Thanks — that seems to do the job to the extent that the timeout limits allow for, and I learned some new bits about how to handle the different data types. Great! --Daniel Mietchen (talk) 19:10, 14 March 2018 (UTC)

Simple tree of upper ontology?

Is there any way to show in a query a simple tree of the top-level tree? Before I used the tree tool, unfortunately now the query times out. Thanks! Micru (talk) 13:21, 15 March 2018 (UTC)

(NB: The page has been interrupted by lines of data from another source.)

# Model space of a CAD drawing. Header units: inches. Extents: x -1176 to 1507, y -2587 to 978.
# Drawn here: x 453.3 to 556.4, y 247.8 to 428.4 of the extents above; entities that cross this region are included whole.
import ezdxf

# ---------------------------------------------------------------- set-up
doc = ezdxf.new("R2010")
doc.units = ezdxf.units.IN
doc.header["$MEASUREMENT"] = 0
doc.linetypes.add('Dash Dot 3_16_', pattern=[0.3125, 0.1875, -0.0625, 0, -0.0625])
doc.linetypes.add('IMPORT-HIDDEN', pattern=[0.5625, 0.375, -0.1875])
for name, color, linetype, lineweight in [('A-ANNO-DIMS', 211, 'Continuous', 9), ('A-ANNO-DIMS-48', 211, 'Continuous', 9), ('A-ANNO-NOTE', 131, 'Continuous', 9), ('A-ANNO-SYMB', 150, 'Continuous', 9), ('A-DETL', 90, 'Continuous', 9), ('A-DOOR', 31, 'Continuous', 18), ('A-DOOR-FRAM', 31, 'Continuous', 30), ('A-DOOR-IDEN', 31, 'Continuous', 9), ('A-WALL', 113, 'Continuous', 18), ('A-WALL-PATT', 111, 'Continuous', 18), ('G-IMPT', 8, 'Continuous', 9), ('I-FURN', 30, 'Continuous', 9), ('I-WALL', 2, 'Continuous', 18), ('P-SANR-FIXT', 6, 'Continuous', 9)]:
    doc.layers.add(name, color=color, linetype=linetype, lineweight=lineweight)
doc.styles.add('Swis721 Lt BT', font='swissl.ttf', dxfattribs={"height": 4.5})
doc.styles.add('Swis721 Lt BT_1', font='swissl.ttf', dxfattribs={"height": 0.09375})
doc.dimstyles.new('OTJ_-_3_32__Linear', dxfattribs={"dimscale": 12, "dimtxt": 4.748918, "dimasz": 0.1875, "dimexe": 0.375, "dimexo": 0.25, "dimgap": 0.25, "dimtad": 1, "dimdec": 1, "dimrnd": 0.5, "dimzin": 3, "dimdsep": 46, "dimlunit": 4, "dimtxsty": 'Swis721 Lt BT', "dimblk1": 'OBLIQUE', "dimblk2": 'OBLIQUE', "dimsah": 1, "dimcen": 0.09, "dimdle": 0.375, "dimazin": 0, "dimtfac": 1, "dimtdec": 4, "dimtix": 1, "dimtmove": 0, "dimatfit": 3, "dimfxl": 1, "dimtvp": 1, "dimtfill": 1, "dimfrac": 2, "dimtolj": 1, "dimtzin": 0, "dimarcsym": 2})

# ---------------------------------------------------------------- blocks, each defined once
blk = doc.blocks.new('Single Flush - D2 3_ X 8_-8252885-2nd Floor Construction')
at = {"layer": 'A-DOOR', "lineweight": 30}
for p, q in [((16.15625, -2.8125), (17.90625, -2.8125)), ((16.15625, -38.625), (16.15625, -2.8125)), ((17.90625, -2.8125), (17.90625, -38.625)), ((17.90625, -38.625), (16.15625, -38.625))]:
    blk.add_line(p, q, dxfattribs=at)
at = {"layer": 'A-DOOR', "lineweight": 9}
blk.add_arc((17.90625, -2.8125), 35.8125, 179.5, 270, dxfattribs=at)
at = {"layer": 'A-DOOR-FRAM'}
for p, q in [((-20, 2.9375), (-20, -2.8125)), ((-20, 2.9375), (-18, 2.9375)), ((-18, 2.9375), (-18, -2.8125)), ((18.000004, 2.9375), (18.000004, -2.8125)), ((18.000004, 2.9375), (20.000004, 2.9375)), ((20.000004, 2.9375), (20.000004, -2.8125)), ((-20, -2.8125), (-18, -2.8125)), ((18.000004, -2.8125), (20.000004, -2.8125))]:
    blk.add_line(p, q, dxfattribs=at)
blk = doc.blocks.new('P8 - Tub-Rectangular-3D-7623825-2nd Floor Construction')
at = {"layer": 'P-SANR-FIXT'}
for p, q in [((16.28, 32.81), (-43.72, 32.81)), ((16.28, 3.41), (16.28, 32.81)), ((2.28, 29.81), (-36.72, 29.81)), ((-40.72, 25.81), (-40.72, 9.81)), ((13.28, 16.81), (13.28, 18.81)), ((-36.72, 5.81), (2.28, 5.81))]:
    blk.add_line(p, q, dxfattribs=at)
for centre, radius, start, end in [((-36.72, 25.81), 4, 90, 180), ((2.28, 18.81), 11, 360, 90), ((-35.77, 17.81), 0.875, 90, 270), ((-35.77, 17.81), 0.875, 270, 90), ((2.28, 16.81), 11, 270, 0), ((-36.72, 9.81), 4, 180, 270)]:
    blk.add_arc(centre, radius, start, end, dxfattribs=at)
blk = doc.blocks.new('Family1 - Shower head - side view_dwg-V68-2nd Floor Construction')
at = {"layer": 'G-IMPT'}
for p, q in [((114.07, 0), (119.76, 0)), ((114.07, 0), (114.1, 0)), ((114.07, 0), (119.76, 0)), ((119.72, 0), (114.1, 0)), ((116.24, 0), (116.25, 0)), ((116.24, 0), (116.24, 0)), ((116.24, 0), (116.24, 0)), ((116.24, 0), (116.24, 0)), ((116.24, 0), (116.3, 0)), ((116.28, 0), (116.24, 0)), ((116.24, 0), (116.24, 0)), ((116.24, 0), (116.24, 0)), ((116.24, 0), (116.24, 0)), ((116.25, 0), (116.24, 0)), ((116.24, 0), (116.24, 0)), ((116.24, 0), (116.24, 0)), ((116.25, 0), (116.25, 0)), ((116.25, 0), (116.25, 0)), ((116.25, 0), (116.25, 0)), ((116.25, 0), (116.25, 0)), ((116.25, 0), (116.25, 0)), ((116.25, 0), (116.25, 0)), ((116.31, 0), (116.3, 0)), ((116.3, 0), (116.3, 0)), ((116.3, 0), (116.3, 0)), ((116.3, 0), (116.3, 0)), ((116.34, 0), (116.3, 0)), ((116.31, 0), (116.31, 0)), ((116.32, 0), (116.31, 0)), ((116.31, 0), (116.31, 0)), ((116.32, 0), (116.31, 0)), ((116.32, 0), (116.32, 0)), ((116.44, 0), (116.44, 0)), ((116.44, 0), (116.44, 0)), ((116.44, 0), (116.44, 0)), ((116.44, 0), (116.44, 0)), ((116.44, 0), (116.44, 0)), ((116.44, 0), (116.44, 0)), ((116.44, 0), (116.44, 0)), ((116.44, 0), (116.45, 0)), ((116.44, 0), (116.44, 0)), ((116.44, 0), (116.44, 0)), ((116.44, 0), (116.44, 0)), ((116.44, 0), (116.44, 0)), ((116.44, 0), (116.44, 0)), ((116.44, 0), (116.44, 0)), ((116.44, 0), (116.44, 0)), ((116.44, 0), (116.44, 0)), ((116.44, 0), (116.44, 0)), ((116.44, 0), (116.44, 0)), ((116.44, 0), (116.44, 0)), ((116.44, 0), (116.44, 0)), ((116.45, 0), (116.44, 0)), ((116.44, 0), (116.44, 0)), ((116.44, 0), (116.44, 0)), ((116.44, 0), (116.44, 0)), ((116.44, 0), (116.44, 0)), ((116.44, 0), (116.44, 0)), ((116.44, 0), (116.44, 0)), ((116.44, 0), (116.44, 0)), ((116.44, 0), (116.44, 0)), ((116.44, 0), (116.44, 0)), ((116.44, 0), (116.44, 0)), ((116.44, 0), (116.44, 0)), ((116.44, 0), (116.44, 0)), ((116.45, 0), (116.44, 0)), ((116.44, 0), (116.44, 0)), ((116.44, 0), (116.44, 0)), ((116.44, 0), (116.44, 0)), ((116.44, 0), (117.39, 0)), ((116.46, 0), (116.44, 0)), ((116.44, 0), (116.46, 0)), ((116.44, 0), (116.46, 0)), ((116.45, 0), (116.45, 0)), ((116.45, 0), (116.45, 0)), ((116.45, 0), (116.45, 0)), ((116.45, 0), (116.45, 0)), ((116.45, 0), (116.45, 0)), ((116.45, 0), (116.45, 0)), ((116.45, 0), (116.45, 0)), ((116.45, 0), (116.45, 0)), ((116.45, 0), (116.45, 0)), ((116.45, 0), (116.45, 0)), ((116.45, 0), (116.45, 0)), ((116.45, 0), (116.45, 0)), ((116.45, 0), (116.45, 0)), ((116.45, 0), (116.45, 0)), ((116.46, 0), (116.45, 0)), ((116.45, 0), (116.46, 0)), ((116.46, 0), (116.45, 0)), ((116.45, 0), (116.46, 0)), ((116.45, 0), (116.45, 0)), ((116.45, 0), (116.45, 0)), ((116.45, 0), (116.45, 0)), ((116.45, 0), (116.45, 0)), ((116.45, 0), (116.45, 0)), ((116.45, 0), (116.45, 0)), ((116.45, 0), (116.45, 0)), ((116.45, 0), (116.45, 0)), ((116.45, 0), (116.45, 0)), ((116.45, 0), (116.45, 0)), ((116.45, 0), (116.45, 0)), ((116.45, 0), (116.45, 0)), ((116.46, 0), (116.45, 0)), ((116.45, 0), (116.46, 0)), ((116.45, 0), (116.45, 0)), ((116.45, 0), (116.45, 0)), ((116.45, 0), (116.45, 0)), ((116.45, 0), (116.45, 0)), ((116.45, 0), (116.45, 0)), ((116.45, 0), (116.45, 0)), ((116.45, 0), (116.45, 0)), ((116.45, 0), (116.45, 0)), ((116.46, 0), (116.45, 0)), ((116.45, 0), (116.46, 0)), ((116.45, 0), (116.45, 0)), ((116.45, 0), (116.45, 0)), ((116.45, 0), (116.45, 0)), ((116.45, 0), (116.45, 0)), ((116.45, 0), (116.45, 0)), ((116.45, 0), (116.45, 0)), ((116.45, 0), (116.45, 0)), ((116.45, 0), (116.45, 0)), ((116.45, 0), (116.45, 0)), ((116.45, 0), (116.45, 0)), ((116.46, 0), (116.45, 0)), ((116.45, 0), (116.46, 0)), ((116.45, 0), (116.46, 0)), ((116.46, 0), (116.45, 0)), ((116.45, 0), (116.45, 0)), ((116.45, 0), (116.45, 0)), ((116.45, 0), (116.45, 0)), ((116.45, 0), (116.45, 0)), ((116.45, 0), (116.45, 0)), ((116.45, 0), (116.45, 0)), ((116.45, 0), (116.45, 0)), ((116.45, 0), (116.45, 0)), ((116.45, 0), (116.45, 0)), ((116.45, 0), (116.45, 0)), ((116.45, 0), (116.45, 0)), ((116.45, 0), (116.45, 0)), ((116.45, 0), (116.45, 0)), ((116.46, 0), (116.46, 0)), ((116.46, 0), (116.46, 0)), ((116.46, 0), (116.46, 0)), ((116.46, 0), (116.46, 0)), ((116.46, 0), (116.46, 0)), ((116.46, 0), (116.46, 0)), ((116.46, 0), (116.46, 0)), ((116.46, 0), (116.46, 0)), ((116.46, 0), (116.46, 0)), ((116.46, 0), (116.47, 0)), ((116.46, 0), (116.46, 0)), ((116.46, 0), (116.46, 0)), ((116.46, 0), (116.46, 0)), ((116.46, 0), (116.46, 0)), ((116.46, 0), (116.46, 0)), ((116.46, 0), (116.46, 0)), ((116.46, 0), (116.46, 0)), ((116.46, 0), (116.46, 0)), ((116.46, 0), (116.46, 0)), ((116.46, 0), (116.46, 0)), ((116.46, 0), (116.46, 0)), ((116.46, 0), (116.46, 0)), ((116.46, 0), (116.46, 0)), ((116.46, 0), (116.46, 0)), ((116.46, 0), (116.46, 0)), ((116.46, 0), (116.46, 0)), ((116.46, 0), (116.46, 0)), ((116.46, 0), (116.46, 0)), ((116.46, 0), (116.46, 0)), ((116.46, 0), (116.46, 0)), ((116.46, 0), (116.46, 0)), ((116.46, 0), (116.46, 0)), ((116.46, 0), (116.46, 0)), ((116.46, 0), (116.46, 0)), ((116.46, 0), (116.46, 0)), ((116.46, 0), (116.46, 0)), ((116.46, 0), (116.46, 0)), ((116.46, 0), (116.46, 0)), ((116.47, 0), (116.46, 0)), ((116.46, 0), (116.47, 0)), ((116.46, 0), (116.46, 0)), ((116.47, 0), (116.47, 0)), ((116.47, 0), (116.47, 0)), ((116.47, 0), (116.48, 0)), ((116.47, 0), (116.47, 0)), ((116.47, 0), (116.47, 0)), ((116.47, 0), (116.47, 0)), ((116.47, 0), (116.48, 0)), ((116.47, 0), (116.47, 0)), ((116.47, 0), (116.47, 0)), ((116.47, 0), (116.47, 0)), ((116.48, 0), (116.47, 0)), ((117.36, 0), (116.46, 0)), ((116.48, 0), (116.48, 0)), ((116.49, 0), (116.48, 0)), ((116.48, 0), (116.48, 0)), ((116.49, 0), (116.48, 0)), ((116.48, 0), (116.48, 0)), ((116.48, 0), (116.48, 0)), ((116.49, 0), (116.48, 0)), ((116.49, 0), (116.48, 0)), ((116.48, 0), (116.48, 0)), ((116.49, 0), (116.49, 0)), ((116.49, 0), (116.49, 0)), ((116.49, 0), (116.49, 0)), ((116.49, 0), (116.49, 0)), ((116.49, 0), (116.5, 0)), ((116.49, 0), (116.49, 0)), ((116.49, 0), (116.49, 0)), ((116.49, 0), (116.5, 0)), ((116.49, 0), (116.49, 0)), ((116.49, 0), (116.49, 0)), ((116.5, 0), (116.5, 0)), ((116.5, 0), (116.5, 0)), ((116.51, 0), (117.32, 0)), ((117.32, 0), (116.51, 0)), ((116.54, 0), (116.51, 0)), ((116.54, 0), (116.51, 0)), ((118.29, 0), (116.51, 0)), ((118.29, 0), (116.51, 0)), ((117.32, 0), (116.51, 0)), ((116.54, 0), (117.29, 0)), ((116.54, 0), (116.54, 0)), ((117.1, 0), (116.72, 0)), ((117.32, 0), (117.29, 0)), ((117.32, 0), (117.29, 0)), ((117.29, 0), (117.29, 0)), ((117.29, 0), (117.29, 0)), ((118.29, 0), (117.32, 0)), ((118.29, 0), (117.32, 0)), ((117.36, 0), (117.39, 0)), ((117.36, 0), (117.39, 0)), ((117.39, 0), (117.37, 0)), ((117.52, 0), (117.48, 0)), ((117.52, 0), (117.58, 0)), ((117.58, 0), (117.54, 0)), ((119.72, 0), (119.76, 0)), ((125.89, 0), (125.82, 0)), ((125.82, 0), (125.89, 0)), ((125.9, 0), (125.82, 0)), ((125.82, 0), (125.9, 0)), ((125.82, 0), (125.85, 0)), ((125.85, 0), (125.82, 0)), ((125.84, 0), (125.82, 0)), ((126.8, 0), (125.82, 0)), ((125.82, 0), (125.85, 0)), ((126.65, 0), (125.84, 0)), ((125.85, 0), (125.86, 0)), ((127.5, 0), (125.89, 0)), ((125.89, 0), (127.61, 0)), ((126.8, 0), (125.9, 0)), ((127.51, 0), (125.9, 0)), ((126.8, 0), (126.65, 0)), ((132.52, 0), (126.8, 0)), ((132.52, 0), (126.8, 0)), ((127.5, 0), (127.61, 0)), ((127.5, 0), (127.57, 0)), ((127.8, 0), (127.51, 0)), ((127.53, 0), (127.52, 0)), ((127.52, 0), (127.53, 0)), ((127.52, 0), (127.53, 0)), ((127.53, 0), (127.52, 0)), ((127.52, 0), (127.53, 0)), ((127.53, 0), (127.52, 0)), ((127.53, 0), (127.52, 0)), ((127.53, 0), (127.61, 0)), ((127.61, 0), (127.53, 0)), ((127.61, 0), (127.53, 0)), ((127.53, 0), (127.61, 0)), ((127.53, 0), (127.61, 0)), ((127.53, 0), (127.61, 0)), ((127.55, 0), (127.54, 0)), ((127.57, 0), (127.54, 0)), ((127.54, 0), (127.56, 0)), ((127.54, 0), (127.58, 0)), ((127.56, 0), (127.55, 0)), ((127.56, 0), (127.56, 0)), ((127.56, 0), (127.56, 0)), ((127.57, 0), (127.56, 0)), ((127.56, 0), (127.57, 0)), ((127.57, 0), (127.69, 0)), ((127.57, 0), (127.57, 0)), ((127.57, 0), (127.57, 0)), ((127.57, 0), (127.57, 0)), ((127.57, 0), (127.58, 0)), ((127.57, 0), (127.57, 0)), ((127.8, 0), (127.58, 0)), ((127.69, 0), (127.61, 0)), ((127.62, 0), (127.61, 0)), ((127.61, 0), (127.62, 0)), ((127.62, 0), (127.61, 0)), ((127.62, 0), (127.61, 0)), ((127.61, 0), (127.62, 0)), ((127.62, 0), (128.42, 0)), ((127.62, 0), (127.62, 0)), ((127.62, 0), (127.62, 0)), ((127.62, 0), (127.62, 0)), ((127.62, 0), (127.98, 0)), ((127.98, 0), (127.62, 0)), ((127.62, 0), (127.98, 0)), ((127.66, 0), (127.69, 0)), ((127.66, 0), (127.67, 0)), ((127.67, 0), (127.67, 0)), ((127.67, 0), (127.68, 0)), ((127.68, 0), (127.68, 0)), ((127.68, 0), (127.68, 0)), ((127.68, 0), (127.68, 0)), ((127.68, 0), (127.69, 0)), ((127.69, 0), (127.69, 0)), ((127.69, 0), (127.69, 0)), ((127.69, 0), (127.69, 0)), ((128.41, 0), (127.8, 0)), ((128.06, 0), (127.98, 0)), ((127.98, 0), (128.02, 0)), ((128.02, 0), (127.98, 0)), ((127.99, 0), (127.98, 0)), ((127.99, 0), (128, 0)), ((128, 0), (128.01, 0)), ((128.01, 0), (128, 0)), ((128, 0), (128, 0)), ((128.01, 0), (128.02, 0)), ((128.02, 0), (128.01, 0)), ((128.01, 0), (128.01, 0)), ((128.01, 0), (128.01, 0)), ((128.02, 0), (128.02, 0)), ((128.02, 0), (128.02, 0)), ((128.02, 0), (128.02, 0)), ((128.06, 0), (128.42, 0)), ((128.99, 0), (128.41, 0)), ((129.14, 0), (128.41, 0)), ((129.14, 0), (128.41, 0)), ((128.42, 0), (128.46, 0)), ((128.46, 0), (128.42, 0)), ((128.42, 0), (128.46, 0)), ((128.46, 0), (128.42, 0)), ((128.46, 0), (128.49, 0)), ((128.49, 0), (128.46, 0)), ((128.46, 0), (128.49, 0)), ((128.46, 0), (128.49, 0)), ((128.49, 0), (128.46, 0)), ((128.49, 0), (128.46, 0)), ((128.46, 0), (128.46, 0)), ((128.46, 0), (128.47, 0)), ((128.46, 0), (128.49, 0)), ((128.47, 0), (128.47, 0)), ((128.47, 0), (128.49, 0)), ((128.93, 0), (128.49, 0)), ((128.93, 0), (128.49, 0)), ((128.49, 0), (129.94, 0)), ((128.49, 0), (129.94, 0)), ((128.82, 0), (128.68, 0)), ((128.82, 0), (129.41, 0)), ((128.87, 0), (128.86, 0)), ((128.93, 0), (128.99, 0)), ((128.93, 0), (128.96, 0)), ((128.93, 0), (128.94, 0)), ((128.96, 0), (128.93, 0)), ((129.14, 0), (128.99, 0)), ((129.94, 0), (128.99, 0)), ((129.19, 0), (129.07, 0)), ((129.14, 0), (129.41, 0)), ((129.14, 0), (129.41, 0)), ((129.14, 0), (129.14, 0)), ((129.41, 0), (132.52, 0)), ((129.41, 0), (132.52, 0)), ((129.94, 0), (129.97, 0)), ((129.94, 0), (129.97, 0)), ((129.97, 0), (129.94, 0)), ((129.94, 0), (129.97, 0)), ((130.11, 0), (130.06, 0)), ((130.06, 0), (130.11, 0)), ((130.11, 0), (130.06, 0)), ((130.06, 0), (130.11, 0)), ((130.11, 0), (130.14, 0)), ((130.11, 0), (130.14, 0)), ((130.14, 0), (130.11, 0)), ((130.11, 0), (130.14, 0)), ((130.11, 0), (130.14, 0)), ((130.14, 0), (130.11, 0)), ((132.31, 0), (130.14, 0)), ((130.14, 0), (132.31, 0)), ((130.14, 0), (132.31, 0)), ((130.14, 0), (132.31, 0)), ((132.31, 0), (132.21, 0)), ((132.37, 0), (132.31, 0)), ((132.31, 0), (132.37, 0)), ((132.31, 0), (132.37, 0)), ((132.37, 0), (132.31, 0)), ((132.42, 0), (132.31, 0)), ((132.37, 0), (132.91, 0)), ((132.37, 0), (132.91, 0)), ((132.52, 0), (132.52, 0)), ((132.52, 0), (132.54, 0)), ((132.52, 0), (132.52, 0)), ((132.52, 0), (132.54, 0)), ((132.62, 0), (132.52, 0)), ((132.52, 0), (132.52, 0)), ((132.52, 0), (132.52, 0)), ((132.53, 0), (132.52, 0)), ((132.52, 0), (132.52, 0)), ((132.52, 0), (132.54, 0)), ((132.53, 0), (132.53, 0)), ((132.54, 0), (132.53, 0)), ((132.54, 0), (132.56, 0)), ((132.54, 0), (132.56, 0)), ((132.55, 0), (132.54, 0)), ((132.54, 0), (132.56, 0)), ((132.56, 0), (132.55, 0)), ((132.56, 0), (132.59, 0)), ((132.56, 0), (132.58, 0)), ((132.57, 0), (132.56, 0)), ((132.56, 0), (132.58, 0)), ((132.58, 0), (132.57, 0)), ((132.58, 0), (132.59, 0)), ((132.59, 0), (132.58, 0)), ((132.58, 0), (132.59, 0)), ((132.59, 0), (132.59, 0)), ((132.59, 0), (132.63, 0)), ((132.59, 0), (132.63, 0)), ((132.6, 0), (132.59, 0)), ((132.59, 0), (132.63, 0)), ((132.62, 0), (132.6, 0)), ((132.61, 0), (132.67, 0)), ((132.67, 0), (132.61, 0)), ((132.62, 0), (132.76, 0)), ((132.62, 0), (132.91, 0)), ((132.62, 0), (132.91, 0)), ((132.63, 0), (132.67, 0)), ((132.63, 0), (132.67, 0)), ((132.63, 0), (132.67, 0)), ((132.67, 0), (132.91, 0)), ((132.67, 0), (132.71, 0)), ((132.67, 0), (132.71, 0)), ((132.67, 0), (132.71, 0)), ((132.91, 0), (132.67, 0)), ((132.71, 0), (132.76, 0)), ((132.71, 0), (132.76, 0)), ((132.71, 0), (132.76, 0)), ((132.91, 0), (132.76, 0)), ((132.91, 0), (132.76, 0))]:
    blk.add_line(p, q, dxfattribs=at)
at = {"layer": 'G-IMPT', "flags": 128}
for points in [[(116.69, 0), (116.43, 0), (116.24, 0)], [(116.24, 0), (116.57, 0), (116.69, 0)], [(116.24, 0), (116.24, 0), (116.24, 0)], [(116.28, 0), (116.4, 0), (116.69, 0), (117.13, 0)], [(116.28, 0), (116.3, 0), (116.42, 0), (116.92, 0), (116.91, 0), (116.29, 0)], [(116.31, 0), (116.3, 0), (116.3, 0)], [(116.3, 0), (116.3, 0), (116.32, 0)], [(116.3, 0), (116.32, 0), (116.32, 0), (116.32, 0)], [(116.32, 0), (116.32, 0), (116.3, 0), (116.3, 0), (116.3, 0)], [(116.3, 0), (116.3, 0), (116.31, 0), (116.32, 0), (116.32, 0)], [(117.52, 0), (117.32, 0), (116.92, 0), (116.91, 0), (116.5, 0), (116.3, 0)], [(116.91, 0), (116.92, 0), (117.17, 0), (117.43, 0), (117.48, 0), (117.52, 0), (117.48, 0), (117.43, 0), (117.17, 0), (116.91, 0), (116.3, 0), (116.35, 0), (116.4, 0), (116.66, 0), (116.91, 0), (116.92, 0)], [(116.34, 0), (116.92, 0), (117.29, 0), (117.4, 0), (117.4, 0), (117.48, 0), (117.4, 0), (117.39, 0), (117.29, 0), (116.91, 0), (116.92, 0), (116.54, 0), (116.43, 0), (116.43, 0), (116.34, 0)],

@Micru: Can the Wikidata Graph Builder be of any help? --Larske (talk) 20:58, 15 March 2018 (UTC)
@Micru: Something like this may be useful to gather the items within n steps. There is a 'tree' display mode, but I am not sure what columns it needs to be fed.
# Subclass tree to depth maxIterations

SELECT ?item ?itemLabel ?depth ?parent ?parentLabel WHERE {
  {
     SERVICE gas:service {
       gas:program gas:gasClass "com.bigdata.rdf.graph.analytics.BFS" .
       gas:program gas:linkType wdt:P279 .
       gas:program gas:traversalDirection "Reverse" .	
       gas:program gas:in wd:Q35120 .
       gas:program gas:out ?item .
       gas:program gas:out1 ?depth .
       gas:program gas:out2 ?parent .
       gas:program gas:maxIterations 2 .
     }
  }
  SERVICE wikibase:label { bd:serviceParam wikibase:language "[AUTO_LANGUAGE],en". }
} ORDER BY ?depth ?parentLabel
Try it!
Jheald (talk) 21:52, 15 March 2018 (UTC)
So. It seems the 'tree' display option just hides stuff, and then lets you show it; not what we were looking for here. The 'graph' display is more what we're after, and has a button to show stuff hierarchically from the left -- but struggles a bit with a solution set of 500 items.
Somebody else may be able to improve on the above. Jheald (talk) 22:09, 15 March 2018 (UTC)
@Larske: Thanks for the heads up, but the Wikidata Graph Builder seems too cluttered to be usable.
@Jheald: I fear that the graph display is going to be equally cluttered. How do I activate it anyway? Micru (talk) 14:21, 16 March 2018 (UTC)
@Micru: Interactively, click on the icon of an eye at the top left of the results panel. 'Graph' is the final option of the drop-down menu.
Alternatively, you can add #defaultView:Graph at the top of the query, for the results to automatically appear in the graph view.
But instead of that, I think that this below (using the tree view that I dismissed previously) may be what you are looking for:
# Subclass tree to depth 3

#defaultView:Tree
SELECT ?root ?rootLabel ?c1 ?c1Label ?c2 ?c2Label ?c3 ?c3Label WHERE {
  VALUES ?root { wd:Q35120  }
  ?c1 wdt:P279 ?root .
  OPTIONAL {
     ?c2 wdt:P279 ?c1 .
     OPTIONAL {
       ?c3 wdt:P279 ?c2 .
     }  
  } 
    
  SERVICE wikibase:label { bd:serviceParam wikibase:language "[AUTO_LANGUAGE],en". }
} ORDER BY ?c1Label ?c2Label ?c3Label
Try it!
Jheald (talk) 16:10, 16 March 2018 (UTC)
@Jheald: That's exactly what I was looking for! Thanks a lot! Micru (talk) 17:31, 16 March 2018 (UTC)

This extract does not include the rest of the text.